Doch als die Frauengruppe den Ikea Sicherheitsdienst bedrängte sich des Problemes anzunehmen, erntete sie zunächst ein mitleidiges Lächeln und den Verdacht nicht mehr zu wissen, wo der Wagen denn geparkt sei. Da die Damen sich aber nicht so leicht abschütteln ließen, erbarmte sich ein Sicherheitsbeamter und unternahm eine Suchfahrt über den Parkplatz - mit negativem Ergebnis. Der Bus war und blieb verschwunden.

"Doch wer sollte den Diebstahl anzeigen? Die Palästinenserinnen? Um selbst durchsucht, gecheckt oder gar verdächtigt zu werden? Die Ausländerinnen? Wie sollten sie erklären in einem Wagen, der nicht ihnen gehört, unterwegs zu sein? Und den Zusammenhang mit den anderen Frauen? Und das Ganze einem äthiopischen Polizisten, der nicht des Englischen mächtig ist?"

Nun gab es nur noch eines: den Gang zur Polizei. Doch wer sollte den Diebstahl anzeigen? Die Palästinenserinnen? Um selbst durchsucht, gecheckt oder gar verdächtigt zu werden? Die Ausländerinnen? Wie sollten sie erklären in einem Wagen, der nicht ihnen gehört, unterwegs zu sein? Und den Zusammenhang mit den anderen Frauen? Und das Ganze einem äthiopischen Polizisten, der nicht des Englischen mächtig ist?

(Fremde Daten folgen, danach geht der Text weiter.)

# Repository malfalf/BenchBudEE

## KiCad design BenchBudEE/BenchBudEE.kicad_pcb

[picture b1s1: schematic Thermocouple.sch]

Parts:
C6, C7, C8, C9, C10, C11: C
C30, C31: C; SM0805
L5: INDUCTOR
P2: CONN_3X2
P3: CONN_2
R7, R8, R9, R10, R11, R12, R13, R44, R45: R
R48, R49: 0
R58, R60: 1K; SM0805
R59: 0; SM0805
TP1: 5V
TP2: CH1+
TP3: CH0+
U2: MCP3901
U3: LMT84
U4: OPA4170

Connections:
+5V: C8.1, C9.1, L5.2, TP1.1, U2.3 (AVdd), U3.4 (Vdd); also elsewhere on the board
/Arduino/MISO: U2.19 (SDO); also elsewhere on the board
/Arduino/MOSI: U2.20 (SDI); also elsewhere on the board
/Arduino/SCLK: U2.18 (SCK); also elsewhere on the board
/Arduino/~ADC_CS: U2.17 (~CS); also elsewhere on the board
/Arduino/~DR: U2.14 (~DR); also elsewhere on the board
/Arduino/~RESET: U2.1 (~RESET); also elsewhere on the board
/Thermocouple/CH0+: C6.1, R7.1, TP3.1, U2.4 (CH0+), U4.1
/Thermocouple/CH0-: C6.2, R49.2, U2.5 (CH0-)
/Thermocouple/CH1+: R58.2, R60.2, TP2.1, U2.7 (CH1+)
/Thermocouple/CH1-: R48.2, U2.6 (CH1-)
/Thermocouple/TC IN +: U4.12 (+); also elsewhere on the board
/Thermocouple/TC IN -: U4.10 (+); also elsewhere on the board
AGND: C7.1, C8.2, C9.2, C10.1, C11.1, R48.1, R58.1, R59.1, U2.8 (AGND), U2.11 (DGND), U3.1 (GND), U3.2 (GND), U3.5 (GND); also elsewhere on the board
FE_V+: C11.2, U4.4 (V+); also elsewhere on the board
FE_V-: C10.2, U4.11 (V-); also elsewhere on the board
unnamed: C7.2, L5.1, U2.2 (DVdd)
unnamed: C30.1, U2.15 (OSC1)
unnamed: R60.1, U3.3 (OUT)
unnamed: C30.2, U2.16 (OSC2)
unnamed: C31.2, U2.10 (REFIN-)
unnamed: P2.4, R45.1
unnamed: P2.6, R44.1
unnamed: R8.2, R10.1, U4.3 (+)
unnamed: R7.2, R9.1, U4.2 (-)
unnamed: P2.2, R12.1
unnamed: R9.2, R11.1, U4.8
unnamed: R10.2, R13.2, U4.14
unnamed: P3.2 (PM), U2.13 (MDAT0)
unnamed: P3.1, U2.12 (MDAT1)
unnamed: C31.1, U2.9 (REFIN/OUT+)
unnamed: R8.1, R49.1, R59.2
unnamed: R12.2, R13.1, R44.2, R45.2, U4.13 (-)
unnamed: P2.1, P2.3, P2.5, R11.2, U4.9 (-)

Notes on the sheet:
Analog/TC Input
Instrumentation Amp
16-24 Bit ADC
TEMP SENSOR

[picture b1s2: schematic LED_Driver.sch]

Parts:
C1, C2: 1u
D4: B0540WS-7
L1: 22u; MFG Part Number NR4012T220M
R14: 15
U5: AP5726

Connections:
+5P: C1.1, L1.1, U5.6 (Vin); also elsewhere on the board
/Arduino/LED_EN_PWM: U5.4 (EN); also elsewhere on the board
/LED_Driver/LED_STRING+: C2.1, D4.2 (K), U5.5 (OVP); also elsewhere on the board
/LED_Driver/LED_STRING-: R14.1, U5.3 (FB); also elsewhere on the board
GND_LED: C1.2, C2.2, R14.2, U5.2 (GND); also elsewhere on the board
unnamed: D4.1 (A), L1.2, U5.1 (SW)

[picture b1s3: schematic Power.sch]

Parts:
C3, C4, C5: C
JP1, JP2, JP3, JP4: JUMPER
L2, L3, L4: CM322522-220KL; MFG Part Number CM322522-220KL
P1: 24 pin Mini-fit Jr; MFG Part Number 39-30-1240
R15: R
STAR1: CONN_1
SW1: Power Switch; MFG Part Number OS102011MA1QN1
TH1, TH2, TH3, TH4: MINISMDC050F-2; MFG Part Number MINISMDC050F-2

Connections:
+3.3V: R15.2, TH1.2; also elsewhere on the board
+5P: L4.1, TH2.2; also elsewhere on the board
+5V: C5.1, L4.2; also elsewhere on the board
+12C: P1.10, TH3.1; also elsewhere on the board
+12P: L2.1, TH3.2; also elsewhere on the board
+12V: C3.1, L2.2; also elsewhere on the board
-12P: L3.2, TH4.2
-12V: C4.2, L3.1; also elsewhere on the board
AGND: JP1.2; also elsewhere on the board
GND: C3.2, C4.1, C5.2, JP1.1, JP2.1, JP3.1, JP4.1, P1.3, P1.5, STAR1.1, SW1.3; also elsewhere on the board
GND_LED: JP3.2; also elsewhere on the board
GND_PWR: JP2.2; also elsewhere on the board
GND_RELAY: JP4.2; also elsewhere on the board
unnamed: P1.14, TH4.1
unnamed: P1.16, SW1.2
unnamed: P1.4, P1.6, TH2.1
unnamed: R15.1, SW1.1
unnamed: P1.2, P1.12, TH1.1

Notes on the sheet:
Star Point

Schließlich fand sich eine Frau mit deutschem Pass und israelischen Papieren, die die Aufgabe der Schadensaufnahme übernahm, was sich etwas schwierig gestaltete, da die Wagenpapiere sich im gestohlenen Wagen befanden und der Polizist immer wieder den Namen der Anzeigenden als Besitzerin eintragen wollte. Als auch diese Hürde genommen war, belohnten sich die wackeren Frauen erst einmal mit einem Essen, um dann mit dem Taxi zurück gen Jerusalem zu fahren (immerhin war dies angenehmer, als mit dem Bus) und den herben Verlust zu melden.



 

Altersschwach und mit 240 000 Kilometern


Eine Frage blieb allerdings noch offen: wer stiehlt einen altersschwachen VW-Bus mit 240.000 Kilometern auf dem Tachometer? Wer hat Interesse an einem deutschen Modell, bei dem die israelischen Ersatzteile nicht passen? Diese Frage klärte sich zwei Tage später. Da war der Bus nämlich wieder da. Nach der Schadensanzeige hatte nämlich unser Versicherungsagent seine Leute losgeschickt. Für eine geschätzte Summe von nur 5000.- Schekel (knapp 1000.- Euro) waren die Kleinkriminellen, die den Bus gestohlen hatten, bereit ihn zurückzuverkaufen.

Und alle waren glücklich: zuallererst der Versicherungsagent, den dieses Geschäft wesentlich billiger kam, als den Zeitwert auszuzahlen, sodann die deutsche Gemeinde, weil wir unseren Bus wieder hatten und die Autoschieberbande sowieso.